Produce a verbatim copy of the records, and keep the images out of it.

Available records:

--

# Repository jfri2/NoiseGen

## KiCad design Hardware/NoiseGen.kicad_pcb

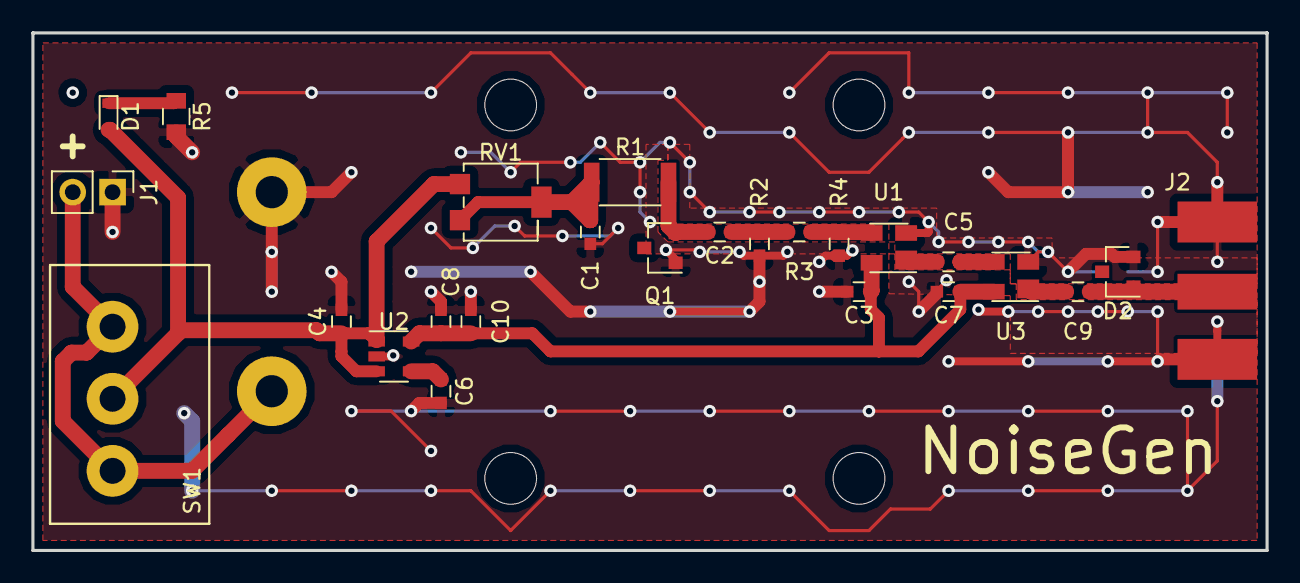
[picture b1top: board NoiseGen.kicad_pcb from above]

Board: 2 copper layers, 78.7 x 33.0 mm, 26 parts (1 on the bottom side), 14 nets.

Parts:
BT1: 9V; 1294
C1: 1nF; C_0603
C2, C5, C9: 100pF; C_0603
C3, C6, C7: 100nF; C_0603
C4, C8, C10: 1uF; C_0603
D1: RED; D_0603
D2: CM1214A; SOT-23
J1: CONN_01X02; Pin_Header_Straight_1x02_Pitch2.54mm
J2: SMA; J502
Q1: BFR92; SOT-23
R1: 51R; R_2010
R2, R4: 120R; C_0603
R3: 56R; C_0603
R5: 680R; C_0805
RV1: 1k; Potentiometer_Trimmer_Bourns_3214G
SW1: SPST; GF-123-0054
U1, U3: MAX2650; SOT-143
U2: AP2210; SOT-23-5

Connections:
+5V: C3.1, C7.1, C8.1, C10.1, U1.4, U2.5, U3.4
+9V: C4.1, D1.2, RV1.3, SW1.2, U2.1, U2.3
GND: BT1.2, C1.2, C3.2, C4.2, C6.2, C7.2, C8.2, C10.2, D2.2, J1.1, J2.2, Q1.1, R2.2, R4.2, R5.2, U1.2, U2.2, U3.2
unnamed: BT1.1, J1.2, SW1.1
unnamed: C1.1, R1.1, RV1.1, RV1.2
unnamed: C2.1, R2.1, R3.2
unnamed: C2.2, Q1.2, R1.2
unnamed: C5.1, U3.3
unnamed: C5.2, U1.1
unnamed: C6.1, U2.4
unnamed: C9.1, D2.1, J2.1
unnamed: C9.2, U3.1
unnamed: D1.1, R5.1
unnamed: R3.1, R4.1, U1.3

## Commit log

2017-08-13 Finished schematic & BOM
2017-08-13 Finshed board layout
2017-08-13 Added text to PCB, cleaned up PCB
2017-08-14 Add TVS diode
2017-08-14 Updated schematic
2017-08-15 Generated Gerbers

--

Your solution:
# Repository jfri2/NoiseGen

## KiCad design Hardware/NoiseGen.kicad_pcb

[picture b1top: board NoiseGen.kicad_pcb from above]

Board: 2 copper layers, 78.7 x 33.0 mm, 26 parts (1 on the bottom side), 14 nets.

Parts:
BT1: 9V; 1294
C1: 1nF; C_0603
C2, C5, C9: 100pF; C_0603
C3, C6, C7: 100nF; C_0603
C4, C8, C10: 1uF; C_0603
D1: RED; D_0603
D2: CM1214A; SOT-23
J1: CONN_01X02; Pin_Header_Straight_1x02_Pitch2.54mm
J2: SMA; J502
Q1: BFR92; SOT-23
R1: 51R; R_2010
R2, R4: 120R; C_0603
R3: 56R; C_0603
R5: 680R; C_0805
RV1: 1k; Potentiometer_Trimmer_Bourns_3214G
SW1: SPST; GF-123-0054
U1, U3: MAX2650; SOT-143
U2: AP2210; SOT-23-5

Connections:
+5V: C3.1, C7.1, C8.1, C10.1, U1.4, U2.5, U3.4
+9V: C4.1, D1.2, RV1.3, SW1.2, U2.1, U2.3
GND: BT1.2, C1.2, C3.2, C4.2, C6.2, C7.2, C8.2, C10.2, D2.2, J1.1, J2.2, Q1.1, R2.2, R4.2, R5.2, U1.2, U2.2, U3.2
unnamed: BT1.1, J1.2, SW1.1
unnamed: C1.1, R1.1, RV1.1, RV1.2
unnamed: C2.1, R2.1, R3.2
unnamed: C2.2, Q1.2, R1.2
unnamed: C5.1, U3.3
unnamed: C5.2, U1.1
unnamed: C6.1, U2.4
unnamed: C9.1, D2.1, J2.1
unnamed: C9.2, U3.1
unnamed: D1.1, R5.1
unnamed: R3.1, R4.1, U1.3

## Commit log

2017-08-13 Finished schematic & BOM
2017-08-13 Finshed board layout
2017-08-13 Added text to PCB, cleaned up PCB
2017-08-14 Add TVS diode
2017-08-14 Updated schematic
2017-08-15 Generated Gerbers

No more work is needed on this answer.